I am not wanted at the Bi-Mart Willamette Country Music Festival.

For better or worse, I’ve grown accustomed to getting into shows and music festivals for free. Along with the hate mail, it’s the main perk of being a music writer. Event organizers can be almost slavishly accommodating; after all, they’re vying for positive PR.

But the Bi-Mart Willamette Country Music Festival—or BMWCMF as it will be henceforth referred to—clearly does not care about positive PR. In that way, the BMWCMF is unlike any music festival I’ve ever been to. It also perfectly embodies Oregon as it exists outside of Portland: rural, rugged, and rude. Attempting to acquire a media pass feels more like haggling with a stranger on Craigslist.

More than two months in advance, I speak with someone at Country Music Concerts, the promotions company that organizes BMWCMF. Her name is Lori, and while she won’t definitively respond to my request, she makes me feel optimistic.

Exactly two weeks later, I follow up, and this time the person on the other end is singing a different tune (namely, the tune of Clint Black’s “A Good Run of Bad Luck.”) “We’ve already sent out our press passes, so if you haven’t received one, then it’s probably too late,” she tells me. I explain I already spoke with someone named Lori who made me think I was good to go. “My name is Lori,” she says. “You must have been talking to the other Lori.”

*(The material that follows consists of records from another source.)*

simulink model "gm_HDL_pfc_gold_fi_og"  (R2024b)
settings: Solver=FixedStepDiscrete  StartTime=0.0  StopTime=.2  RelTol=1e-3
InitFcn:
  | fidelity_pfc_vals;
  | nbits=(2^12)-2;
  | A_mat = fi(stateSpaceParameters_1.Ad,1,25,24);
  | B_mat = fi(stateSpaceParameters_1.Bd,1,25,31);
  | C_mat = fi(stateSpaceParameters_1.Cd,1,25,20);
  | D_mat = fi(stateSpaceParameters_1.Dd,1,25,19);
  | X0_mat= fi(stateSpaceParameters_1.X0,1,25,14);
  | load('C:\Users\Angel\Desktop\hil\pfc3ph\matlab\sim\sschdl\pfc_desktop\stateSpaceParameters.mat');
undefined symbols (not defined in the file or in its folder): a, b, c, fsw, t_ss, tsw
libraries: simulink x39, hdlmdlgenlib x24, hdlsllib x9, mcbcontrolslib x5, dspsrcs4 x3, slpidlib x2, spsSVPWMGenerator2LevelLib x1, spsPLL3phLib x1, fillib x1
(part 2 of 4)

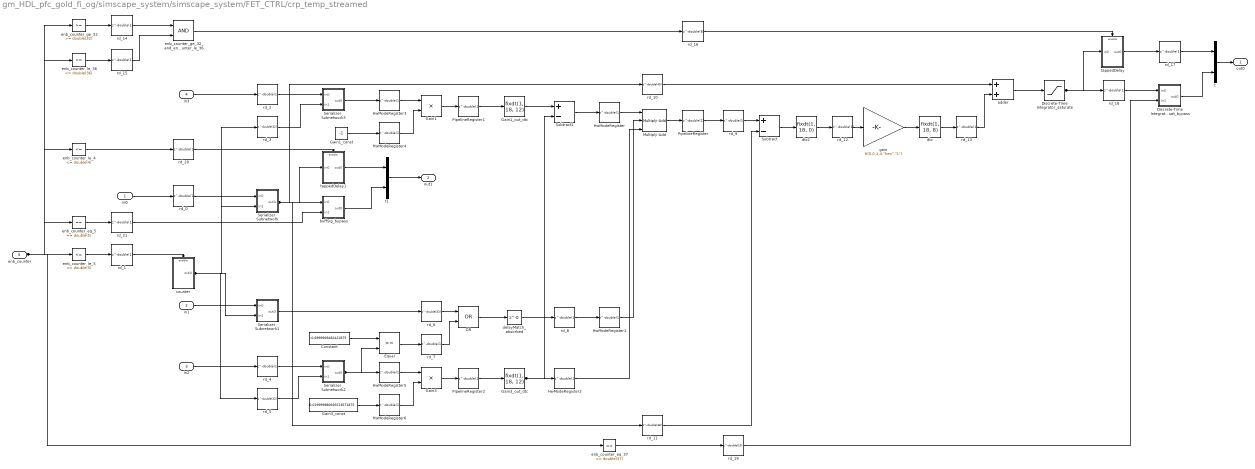
== system gm_HDL_pfc_gold_fi_og/simscape_system/simscape_system/FET_CTRL/crp_temp_streamed ==
  in0 : Inport  OutDataTypeStr=fixdt(1, 18, 8)  PortDimensions=[6]  SampleTime=1.0465724751439e-08
  in1 : Inport  Port=2  OutDataTypeStr=boolean  PortDimensions=[6]  SampleTime=1.0465724751439e-08
  in2 : Inport  Port=3  OutDataTypeStr=fixdt(1, 18, 6)  PortDimensions=[6]  SampleTime=1.0465724751439e-08
  in3 : Inport  Port=4  OutDataTypeStr=fixdt(1, 18, 6)  PortDimensions=[6]  SampleTime=1.0465724751439e-08
  enb_counter : Inport  Port=5  OutDataTypeStr=fixdt(0, 6, 0)  SampleTime=1.0465724751439e-08
  Constant : Constant  Value=-0.6999969482421875  OutDataTypeStr=fixdt(1, 18, 17)  SampleTime=1.0465724751439e-08
  Discrete-Time Integrator_saturate : Saturate  UpperLimit="fi(0,1,18,8,\"hex\",\"06400\")"  LowerLimit="fi(0,1,18,8,\"hex\",\"39c00\")"  SampleTime=1.0465724751439e-08  OutDataTypeStr=fixdt(1, 18, 8)
  Discrete-Time Integrator_u_sat_bypass : Subsystem
  Equal : RelationalOperator  OutDataTypeStr=boolean  SampleTime=1.0465724751439e-08  InputSameDT=off
  Gain1 : Product  Inputs=**  OutDataTypeStr=fixdt(1, 36, 23)  SampleTime=1.0465724751439e-08
  Gain1_const : Constant  Value=-1  OutDataTypeStr=fixdt(1, 18, 17)  SampleTime=1.0465724751439e-08
  Gain1_out_dtc : DataTypeConversion  OutDataTypeStr=fixdt(1, 18, 12)  SampleTime=1.0465724751439e-08  SaturateOnIntegerOverflow=off  RndMeth=Floor
  Gain3 : Product  Inputs=**  OutDataTypeStr=fixdt(1, 36, 28)  SampleTime=1.0465724751439e-08
  Gain3_const : Constant  Value=0.019999980926513671875  OutDataTypeStr=fixdt(1, 18, 22)  SampleTime=1.0465724751439e-08
  Gain3_out_dtc : DataTypeConversion  OutDataTypeStr=fixdt(1, 18, 12)  SampleTime=1.0465724751439e-08  SaturateOnIntegerOverflow=off  RndMeth=Floor
  HwModeRegister{,1..6} (7 alike) : Delay  DelayLength=double(1)  InitialCondition=0  SampleTime=1.0465724751439e-08
  Multiply-Add : hdlsllib/HDL Operations/Multiply-Add  Function=c+(a.*b)  datatype=fixdt(1, 18, 12)  DoSatur=on  FMA=off
  OR : Logic  Operator=OR  AllPortsSameDT=off  OutDataTypeStr=boolean  SampleTime=1.0465724751439e-08
  PipelineRegister : Delay  DelayLength=double(2)  InitialCondition=0  SampleTime=1.0465724751439e-08
  PipelineRegister1 : Delay  DelayLength=double(1)  InitialCondition=0  SampleTime=1.0465724751439e-08
  PipelineRegister2 : Delay  DelayLength=double(1)  InitialCondition=0  SampleTime=1.0465724751439e-08
  Serializer_Subnetwork : Subsystem
  Serializer_Subnetwork1 : Subsystem
  Serializer_Subnetwork2 : Subsystem
  Serializer_Subnetwork3 : Subsystem
  Subtract : Sum  Inputs=+-  OutDataTypeStr=fixdt(1, 18, 12)  AccumDataTypeStr=fixdt(1, 23, 12)  SampleTime=1.0465724751439e-08
  Subtract1 : Sum  Inputs=+-  OutDataTypeStr=fixdt(1, 18, 11)  AccumDataTypeStr=fixdt(1, 19, 12)  SampleTime=1.0465724751439e-08
  adder : Sum  OutDataTypeStr=fixdt(1, 18, 8)  AccumDataTypeStr=fixdt(1, 18, 8)  SaturateOnIntegerOverflow=on  SampleTime=1.0465724751439e-08
  buffSig_bypass : Subsystem
  counter : Subsystem
  delayMatch_absorbed : Delay  DelayLength=0
  dtc : DataTypeConversion  OutDataTypeStr=fixdt(1, 18, 8)  ConvertRealWorld=Stored Integer (SI)  SampleTime=1.0465724751439e-08  RndMeth=Floor
  dtc1 : DataTypeConversion  OutDataTypeStr=fixdt(1, 18, 0)  ConvertRealWorld=Stored Integer (SI)  SampleTime=1.0465724751439e-08  RndMeth=Floor
  enb_counter_eq_37 : simulink/Logic and Bit Operations/Compare To Constant  relop===  const=double(37)  OutDataTypeStr=boolean
  enb_counter_eq_5 : simulink/Logic and Bit Operations/Compare To Constant  relop===  const=double(5)  OutDataTypeStr=boolean
  enb_counter_ge_32 : simulink/Logic and Bit Operations/Compare To Constant  relop=>=  const=double(32)  OutDataTypeStr=boolean
  enb_counter_ge_32_and_enb_counter_le_36 : Logic  AllPortsSameDT=off  OutDataTypeStr=boolean  SampleTime=1.0465724751439e-08
  enb_counter_le_36 : simulink/Logic and Bit Operations/Compare To Constant  relop=<=  const=double(36)  OutDataTypeStr=boolean
  enb_counter_le_4 : simulink/Logic and Bit Operations/Compare To Constant  relop=<=  const=double(4)  OutDataTypeStr=boolean
  enb_counter_le_5 : simulink/Logic and Bit Operations/Compare To Constant  relop=<=  const=double(5)  OutDataTypeStr=boolean
  gain : Gain  Gain="fi(0,0,1,4,\"hex\",\"1\")"  ParamDataTypeStr=fixdt(0, 1, 4)  OutDataTypeStr=fixdt(1, 18, 0)  SaturateOnIntegerOverflow=on  SampleTime=1.0465724751439e-08
  rd_{0..2,4,7..9,12..15,17..18,20..21} (15 alike) : Delay  DelayLength=double(1)  InitialCondition=0  SampleTime=1.0465724751439e-08
  rd_10 : Delay  DelayLength=double(40)  InitialCondition=0  SampleTime=1.0465724751439e-08
  rd_11 : Delay  DelayLength=double(38)  InitialCondition=0  SampleTime=1.0465724751439e-08
  rd_16 : Delay  DelayLength=double(8)  InitialCondition=0  SampleTime=1.0465724751439e-08
  rd_19 : Delay  DelayLength=double(10)  InitialCondition=0  SampleTime=1.0465724751439e-08
  rd_3 : Delay  DelayLength=double(32)  InitialCondition=0  SampleTime=1.0465724751439e-08
  rd_5 : Delay  DelayLength=double(32)  InitialCondition=0  SampleTime=1.0465724751439e-08
  rd_6 : Delay  DelayLength=double(33)  InitialCondition=0  SampleTime=1.0465724751439e-08
  t : Mux  Inputs=2
  t1 : Mux  Inputs=2
  tappedDelay : Subsystem
  tappedDelay1 : Subsystem
  out0 : Outport  OutDataTypeStr=fixdt(1, 18, 8)  PortDimensions=[6]  SampleTime=1.0465724751439e-08
  out1 : Outport  Port=2  OutDataTypeStr=fixdt(1, 18, 8)  PortDimensions=[6]  SampleTime=1.0465724751439e-08
  wires:
  Serializer_Subnetwork1/1(out0) -> rd_6/1
  rd_14/1 -> enb_counter_ge_32_and_enb_counter_le_36/1
  enb_counter/1 -> enb_counter_eq_37/1, enb_counter_le_36/1, enb_counter_ge_32/1, enb_counter_le_5/1, enb_counter_eq_5/1, enb_counter_le_4/1
  enb_counter_le_5/1 -> rd_1/1
  HwModeRegister4/1 -> Gain1/2
  rd_1/1 -> counter/Enable
  counter/1(out0) -> Serializer_Subnetwork1/2(in1), Serializer_Subnetwork/2(in1), rd_3/1, rd_5/1
  enb_counter_ge_32/1 -> rd_14/1
  enb_counter_le_36/1 -> rd_15/1
  enb_counter_le_4/1 -> rd_20/1
  gain/1 -> dtc/1
  enb_counter_eq_5/1 -> rd_21/1
  Gain1_const/1 -> HwModeRegister4/1
  rd_15/1 -> enb_counter_ge_32_and_enb_counter_le_36/2
  in0/1 -> rd_0/1
  adder/1 -> Discrete-Time Integrator_saturate/1
  HwModeRegister2/1 -> Multiply-Add/3
  Subtract1/1 -> HwModeRegister/1
  rd_21/1 -> buffSig_bypass/2(in1)
  enb_counter_ge_32_and_enb_counter_le_36/1 -> rd_16/1
  in3/1 -> rd_2/1
  Serializer_Subnetwork3/1(out0) -> HwModeRegister3/1
  rd_20/1 -> tappedDelay1/Enable
  rd_12/1 -> gain/1
  rd_0/1 -> Serializer_Subnetwork/1(in0)
  Serializer_Subnetwork2/1(out0) -> Equal/2, HwModeRegister5/1
  in1/1 -> Serializer_Subnetwork1/1(in0)
  rd_11/1 -> Subtract/2
  in2/1 -> rd_4/1
  Gain1/1 -> PipelineRegister1/1
  rd_2/1 -> Serializer_Subnetwork3/1(in0)
  HwModeRegister6/1 -> Gain3/2
  rd_3/1 -> Serializer_Subnetwork3/2(in1)
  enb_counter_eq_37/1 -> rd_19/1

Per this Lori’s request, I send an email to Mickey Miles, who I’m led to believe is running the festival’s press campaign. The response I get from Miles is definitive: “We aren’t going to be able to accommodate you at this time,” the email reads, “for a variety of reasons.” In an era of heightened industry favor-swapping, it feels oddly refreshing having a promoter tell me to go fuck myself. (With a polite tip of their hat.)

This year’s BMWCMF lasts four days in August. This is its 10th year, and it’s always occurred in Brownsville, Oregon, a town located between Salem and Eugene with fewer than 2,000 people; it’s probably best known for providing the setting for Stand by Me. On Thursday, I rush to make Thomas Rhett’s evening performance. I queue up Eric Church’s “Knives of New Orleans” from his staggering 2015 LP Mr. Misunderstood and hit the single-lane highway at a smooth 45 miles per hour, much to the palpable frustration of the F-250s lining up behind me. This is probably the loudest anyone has ever listened to Eric Church in an neon green KIA Soul. Mere seconds after the climactic drop (“I did what I did!/I have no regrets/When you cross the line/You get what you get”), I lose cell service and the song stops in its tracks.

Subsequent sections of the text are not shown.